Given data »
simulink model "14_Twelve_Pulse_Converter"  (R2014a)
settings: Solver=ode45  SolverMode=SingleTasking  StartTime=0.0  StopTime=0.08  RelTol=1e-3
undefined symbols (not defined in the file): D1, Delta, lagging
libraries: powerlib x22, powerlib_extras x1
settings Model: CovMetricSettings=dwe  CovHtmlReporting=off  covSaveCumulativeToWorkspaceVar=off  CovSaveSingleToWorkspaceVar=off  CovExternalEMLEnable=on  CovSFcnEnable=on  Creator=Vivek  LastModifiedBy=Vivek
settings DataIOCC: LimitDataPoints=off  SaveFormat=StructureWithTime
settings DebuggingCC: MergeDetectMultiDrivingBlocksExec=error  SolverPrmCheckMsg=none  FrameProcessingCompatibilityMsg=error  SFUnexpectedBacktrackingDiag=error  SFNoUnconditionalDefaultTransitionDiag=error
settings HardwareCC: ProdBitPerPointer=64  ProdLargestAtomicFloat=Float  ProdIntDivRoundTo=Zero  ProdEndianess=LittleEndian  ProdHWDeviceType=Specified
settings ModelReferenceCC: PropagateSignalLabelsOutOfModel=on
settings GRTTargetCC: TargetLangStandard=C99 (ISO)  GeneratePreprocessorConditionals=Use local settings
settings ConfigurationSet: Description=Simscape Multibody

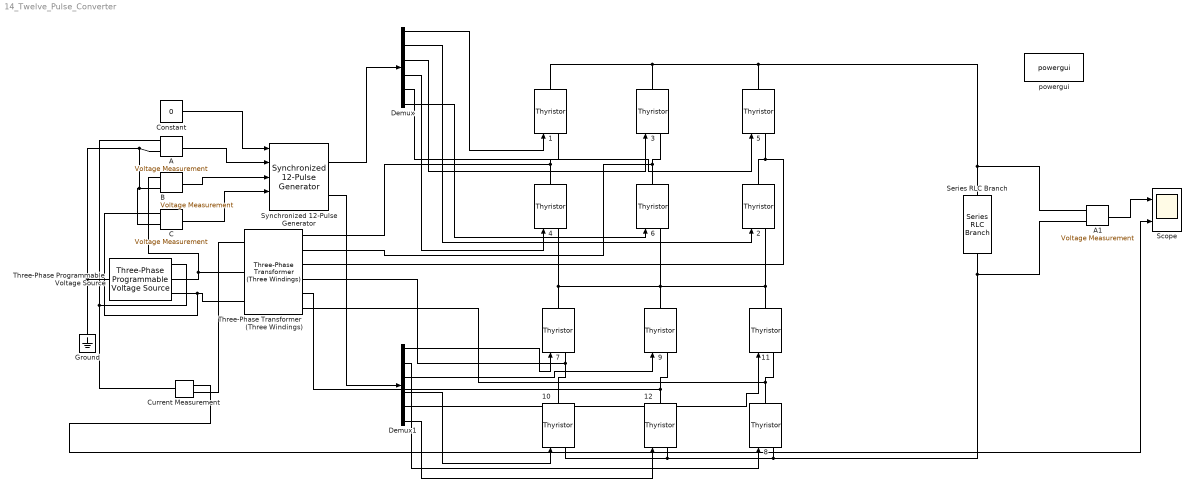
== system 14_Twelve_Pulse_Converter ==
  " Synchronized 12-Pulse Generator" : powerlib_extras/Control  Blocks/ Synchronized 12-Pulse Generator  Delta=D1 (lagging)  freq=50  pwidth=20  Double_Pulse=off
  {1..12} (12 alike) : powerlib/Power Electronics/Thyristor  Ron=0.001  Lon=0  Vf=0.8  IC=0  Rs=500  Cs=250e-9  Measurements=off
  A : powerlib/Measurements/Voltage Measurement  PhasorSimulation=off  OutputType=Complex  PSBequivalent=0
  A1 : powerlib/Measurements/Voltage Measurement  PhasorSimulation=off  OutputType=Complex  PSBequivalent=0
  B : powerlib/Measurements/Voltage Measurement  PhasorSimulation=off  OutputType=Complex  PSBequivalent=0
  C : powerlib/Measurements/Voltage Measurement  PhasorSimulation=off  OutputType=Complex  PSBequivalent=0
  Constant : Constant  Value=0
  Current Measurement : powerlib/Measurements/Current Measurement  PhasorSimulation=off  OutputType=Complex  PSBequivalent=0
  Demux : Demux  Outputs=6
  Demux1 : Demux  Outputs=6
  Ground : powerlib/Elements/Ground  LConnTagsString=a
  Scope : Scope  NumInputPorts=2
      settings: TimeRange=auto  MaxDataPoints=5000  SaveName=ScopeData  YMin=-2035.07058~-5  YMax=2038.09924~5  SampleTime=-1
  Series RLC Branch : powerlib/Elements/Series RLC Branch  LConnTagsString=__new0  RConnTagsString=__new0  BranchType=R  Resistance=10  Inductance=1e-3  SetiL0=off  InitialCurrent=0  Capacitance=1e-6  Setx0=off  InitialVoltage=0  Measurements=None
  Three-Phase Programmable Voltage Source : powerlib/Electrical Sources/Three-Phase Programmable Voltage Source  PositiveSequence="[440  0 50]"  VariationEntity=None  VariationType=Table of time-amplitude pairs  VariationTypeAlt=Step  VariationStep=0.5  VariationRate=10  VariationMagnitude=0.3  VariationFrequency=2  VariationTiming=[1 2]  VariationPhaseA=off  Amplitudes=[1 0.8 1.2 1.0]  TimeValues=[0 0.1 0.15 0.2]  HarmonicGeneration=off  HarmonicA=[3 0.2 -25 0]  HarmonicB=[2 0.15 35 2]  Timing="[0.05  3]"  BusType=swing  Pref=0  Qref=0  Qmin=-inf  Qmax=inf
  Three-Phase Transformer (Three Windings) : powerlib/Elements/Three-Phase Transformer (Three Windings)  Winding1Connection=Yg  Winding2Connection=Y  Winding3Connection=Delta (D1)  CoreType=Three single-phase transformers  SetSaturation=off  Hysteresis=off  DataFile='hysteresis'  SetInitialFlux=off  Measurements=None  UNITS=pu  NominalPower=[ 250e6 , 50]  Winding1=[ 400 , 0 , 0 ]  Winding2=[ 200 , 0 , 0 ]  Winding3=[ 200 , 0.001 , 0.00 ]  Rm=500  Lm=500  L0=0.5  Saturation=[ 0,0 ; 0.0024,1.2 ; 1.0,1.52 ]  InitialFluxes=[0.8 -0.8 0.7]  MoreParameters=off  BreakLoop=off  DataType=off  TransfoNumber=1
  powergui : powerlib/powergui  Priority=1  SimulationMode=Continuous  SampleTime=50e-6  frequency=60  Iterations=50  frequencyindice=50  Pbase=100e6  ErrMax=1e-4  UnitsV=kV  UnitsW=MW  buscounter=0  FunctionMessages=off  echomessages=off  EnableUseOfTLC=off  CurrentSourceSwitches=off  DisableSnubberDevices=off  DisableRonSwitches=off  DisableVfSwitches=off  DisplayEquations=off  SolverType=Tustin/Backward Euler (TBE)  Interpol=off  ExternalGateDelay=off  methode=off  Ts=100  x0status=blocks  SPID=on  SwTol=0  HookPort=off  RestoreLinks=warning  ResistiveCurrentMeasurement=off  Frange=[0:2:500]  Ylog=off  Xlog=on  ShowGrid=off  save=off  variable=ZData  structure=ScopeData  ZoomFFT=off  StartTime=0.04  cycles=1  DisplayStyle=1  fundamental=50  FreqAxis=on  MaxFrequency=1000  frequencyindicesteady=1  RmsSteady=1  display=off
  wires:
  A/1 -> " Synchronized 12-Pulse Generator"/2
  B/1 -> " Synchronized 12-Pulse Generator"/3
  C/1 -> " Synchronized 12-Pulse Generator"/4
  Constant/1 -> " Synchronized 12-Pulse Generator"/1
  " Synchronized 12-Pulse Generator"/1 -> Demux/1
  " Synchronized 12-Pulse Generator"/2 -> Demux1/1
  Demux/1 -> 1/1
  Demux/2 -> 2/1
  Demux/3 -> 3/1
  Demux/4 -> 4/1
  Demux/5 -> 5/1
  Demux/6 -> 6/1
  Demux1/1 -> 7/1
  Demux1/3 -> 9/1
  Demux1/5 -> 11/1
  Demux1/2 -> 8/1
  Demux1/4 -> 10/1
  Demux1/6 -> 12/1
  A1/1 -> Scope/1
  Current Measurement/1 -> Scope/2
  connections:
  1/LConn1 -- Three-Phase Transformer (Three Windings)/RConn1 -- 4/RConn1
  3/LConn1 -- Three-Phase Transformer (Three Windings)/RConn2 -- 6/RConn1
  5/LConn1 -- 2/RConn1 -- Three-Phase Transformer (Three Windings)/RConn3
  11/LConn1 -- Three-Phase Transformer (Three Windings)/RConn6 -- 8/RConn1
  9/LConn1 -- Three-Phase Transformer (Three Windings)/RConn5 -- 12/RConn1
  7/LConn1 -- 10/RConn1 -- Three-Phase Transformer (Three Windings)/RConn4
  9/RConn1 -- 7/RConn1 -- 4/LConn1 -- 6/LConn1 -- 2/LConn1 -- 11/RConn1
  Three-Phase Programmable Voltage Source/RConn2 -- B/LConn1 -- Three-Phase Transformer (Three Windings)/LConn2
  Three-Phase Programmable Voltage Source/RConn1 -- Current Measurement/LConn1 -- A/LConn1
  Three-Phase Programmable Voltage Source/RConn3 -- C/LConn1 -- Three-Phase Transformer (Three Windings)/LConn3
  Ground/LConn1 -- C/LConn2 -- B/LConn2 -- A/LConn2 -- Three-Phase Programmable Voltage Source/LConn1
  3/RConn1 -- 1/RConn1 -- A1/LConn1 -- Series RLC Branch/LConn1 -- 5/RConn1
  Series RLC Branch/RConn1 -- A1/LConn2 -- 10/LConn1 -- 12/LConn1 -- 8/LConn1
  Current Measurement/RConn1 -- Three-Phase Transformer (Three Windings)/LConn1

The problem » Output exactly the lines from the one holding "Three-Phase Programmable Voltage Source/RConn3" to the end of the material above, with both ends included.

Task solution »
  Three-Phase Programmable Voltage Source/RConn3 -- C/LConn1 -- Three-Phase Transformer (Three Windings)/LConn3
  Ground/LConn1 -- C/LConn2 -- B/LConn2 -- A/LConn2 -- Three-Phase Programmable Voltage Source/LConn1
  3/RConn1 -- 1/RConn1 -- A1/LConn1 -- Series RLC Branch/LConn1 -- 5/RConn1
  Series RLC Branch/RConn1 -- A1/LConn2 -- 10/LConn1 -- 12/LConn1 -- 8/LConn1
  Current Measurement/RConn1 -- Three-Phase Transformer (Three Windings)/LConn1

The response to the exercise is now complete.